Samsung vai estrear IA radical no Galaxy S26
As últimas semanas têm sido férteis em rumores sobre a próxima geração da linha Galaxy S, e há um fio condutor que sobressai: a Samsung estará pronta para dar um avanço substancial na inteligência artificial feita diretamente no telemóvel. Fala-se de melhorias que vão muito além de simples truques de software, com ganhos reais em velocidade, eficiência e utilidade diária.
A grande promessa? Geração de imagens com IA em tempo quase real, sem depender da nuvem, abrindo caminho para ferramentas criativas mais rápidas, privadas e acessíveis a partir do bolso.
De acordo com informações que circulam na indústria, a Samsung terá trabalhado com a empresa sul-coreana Nota AI numa tecnologia chamada EdgeFusion. O objetivo é ambicioso: reduzir drasticamente o tempo de criação de imagens por IA, apontando para resultados em cerca de um segundo.
A base conceptual será uma versão profundamente otimizada de um modelo da família Stable Diffusion, conhecido por ser open-source e bastante exigente em recursos. Ao levar esta capacidade para o dispositivo, a marca procura eliminar latências de rede, garantir maior privacidade e oferecer uma experiência imediata, mais próxima do clique num botão do que de uma barra de progresso.
O coração desta estratégia será o Exynos 2600, o chipset que deverá alimentar os Galaxy S26 e S26+ em grande parte dos mercados. A peça-chave está no reforço do processamento neural (NPU) e no equilíbrio com CPU e GPU para cargas de trabalho de IA. Modelos generativos como o Stable Diffusion tradicionalmente exigem muita memória e cálculo; para o tornar “móvel”, é expectável a combinação de técnicas como quantização de pesos, podas (pruning), destilação de conhecimento e grafos de execução otimizados.

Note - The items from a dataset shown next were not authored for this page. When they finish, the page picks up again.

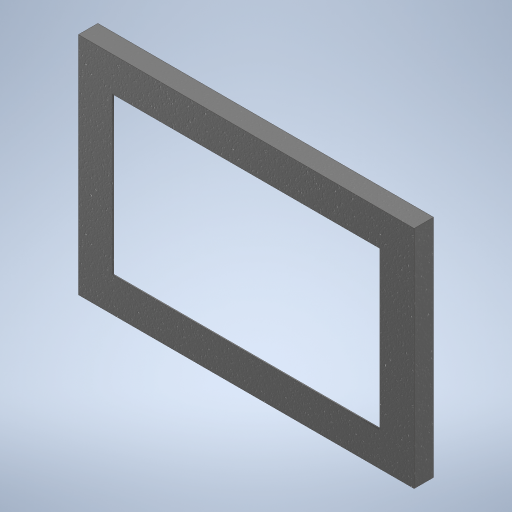
# Autodesk Inventor part: Top Frame Piece
Saved by Autodesk Inventor 2023 (Build 270158000, 158)
## iProperties
Created: 2023-02-23
Part Number: Top Frame Piece
Material: Steel, Mild
Document SubType Name: Modeling
Designer: EvanA
Density: 7.85 g/cm^3
Appearance: Semi-Polished
Author: EvanA
Autodesk Inventor part; units mm, degrees
ref_plane "YZ Plane" through (0, 0, 0) normal (1, 0, 0) x (0, 1, 0)
ref_plane "XZ Plane" through (0, 0, 0) normal (0, 1, 0) x (-1, 0, 0)
ref_plane "XY Plane" through (0, 0, 0) normal (0, 0, 1) x (1, 0, 0)
sketch "Sketch1" plane through (0, 0, 0) normal (0, 0, 1) x (1, 0, 0)
  line L0 (-231.775, 155.575) -> (231.775, 155.575)
  line L1 (231.775, 155.575) -> (231.775, -155.575)
  line L2 (231.775, -155.575) -> (-231.775, -155.575)
  line L3 (-231.775, -155.575) -> (-231.775, 155.575)
  line L4 (-231.775, 155.575) -> (231.775, -155.575) construction
  line L5 (231.775, 155.575) -> (-231.775, -155.575) construction
  line L6 (184.15, -107.95) -> (184.15, 107.95)
  line L7 (184.15, 107.95) -> (-184.15, 107.95)
  line L8 (-184.15, 107.95) -> (-184.15, -107.95)
  line L9 (-184.15, -107.95) -> (184.15, -107.95)
  point P0 (0, 0)
  dimension "d0" = 463.55
  dimension "d1" = 311.15
  dimension "d2" = 47.625
  constraints: 20 end point, 4 parallel, 2 midpoint, 2 perpendicular, 1 horizontal, 3 other
  measures "d0" distance of L1.end L2.end
  measures "d1" distance between parallel lines of L2 L0
  measures "d2" distance between parallel lines of L1 L6
extrude "Extrusion1" add sketch "Sketch1" along normal blind 1.397
sketch "Sketch2" plane through (0, 0, 0) normal (0, 0, -1) x (-1, 0, 0)
  line L0 (-231.775, -155.575) -> (-231.775, 155.575) projected
  line L1 (231.775, -155.575) -> (-231.775, -155.575)
  line L2 (-231.775, -155.575) -> (-231.775, 155.575)
  line L3 (-231.775, 155.575) -> (231.775, 155.575)
  line L4 (231.775, 155.575) -> (231.775, -155.575)
  line L5 (231.775, -155.575) -> (-231.775, 155.575) construction
  line L6 (-231.775, -155.575) -> (231.775, 155.575) construction
  line L7 (230.378, 154.178) -> (-230.378, 154.178)
  line L8 (-230.378, 154.178) -> (-230.378, -154.178)
  line L9 (-230.378, -154.178) -> (230.378, -154.178)
  line L10 (230.378, -154.178) -> (230.378, 154.178)
  point P0 (0, 0)
  dimension "d5" = 1.397
  constraints: 20 end point, 4 parallel, 2 midpoint, 2 perpendicular, 1 horizontal, 3 other
  measures "d5" distance between parallel lines of L3 L7
extrude "Extrusion2" add sketch "Sketch2" along normal blind 25.4
body "Solid1"

O resultado prático é um modelo significativamente mais pequeno e rápido, capaz de aproveitar instruções dedicadas da NPU e acelerar etapas críticas como denoising e sampling. Tudo isto deve reduzir o consumo energético e o aquecimento, dois pontos sensíveis quando falamos de IA intensiva num telemóvel.
Se a promessa se cumprir, o salto não é meramente técnico: é de experiência. Em vez de esperar longos segundos (ou depender de servidores remotos), poderás:
- Gerar variações criativas de fotografias quase instantaneamente, útil para redes sociais ou para trabalho criativo no terreno.
- Preencher ou remover objetos de uma imagem com mais fluidez, sem enviar dados para a nuvem.
- Criar wallpapers, ilustrações e mockups no momento, com prompts de texto curtos e controlos simples.
- Beneficiar de funcionalidades de edição assistida por IA integradas na câmara e na galeria, com menos passos e resultados mais previsíveis.
Para os que valorizam privacidade, o processamento local significa menos partilha de conteúdos sensíveis. Para quem trabalha em mobilidade, significa produtividade mesmo sem ligação estável à internet. E para os entusiastas de performance, promete uma experiência mais fluida e consistente, sem as quebras típicas de soluções baseadas na nuvem.
Há quem aponte que o Exynos 2600 poderá superar, em cenários específicos de geração de imagens, alternativas com Snapdragon. Convém, contudo, manter os pés no chão: a comparação real depende de inúmeras variáveis, desde a maturidade do software à gestão térmica, passando pela versão dos modelos e pelos perfis de energia. Além disso, cada fabricante afina o firmware, os drivers e o scheduler de forma diferente, uma otimização acertada pode pesar tanto quanto as especificações em bruto.
Só os testes independentes, com workloads repetíveis e condições controladas, permitirão perceber a vantagem efetiva de um lado ou do outro. Até lá, o mais prudente é encarar estas declarações como promissoras, mas por validar.
Mesmo que a geração de imagens em cerca de um segundo chegue tal como anunciada, há perguntas importantes por responder:
- Autonomia: quanto impacta a utilização intensiva de IA na bateria ao longo do dia? Um processo rápido pode, ainda assim, ser exigente se usado repetidamente.
- Armazenamento: modelos, caches e assets criativos ocupam espaço; é útil saber como o sistema gere downloads, versões e limpeza automática.
- Aquecimento e throttling: a manutenção de performance após várias iterações seguidas é crucial para quem cria em série.
- Integração no ecossistema: a que ponto estas ferramentas se ligam a apps de terceiros, fluxos profissionais ou serviços na nuvem quando necessário?
- Consistência de resultados: rapidez é importante, mas fidelidade ao prompt, qualidade de detalhes e controlo sobre estilos e parâmetros também contam.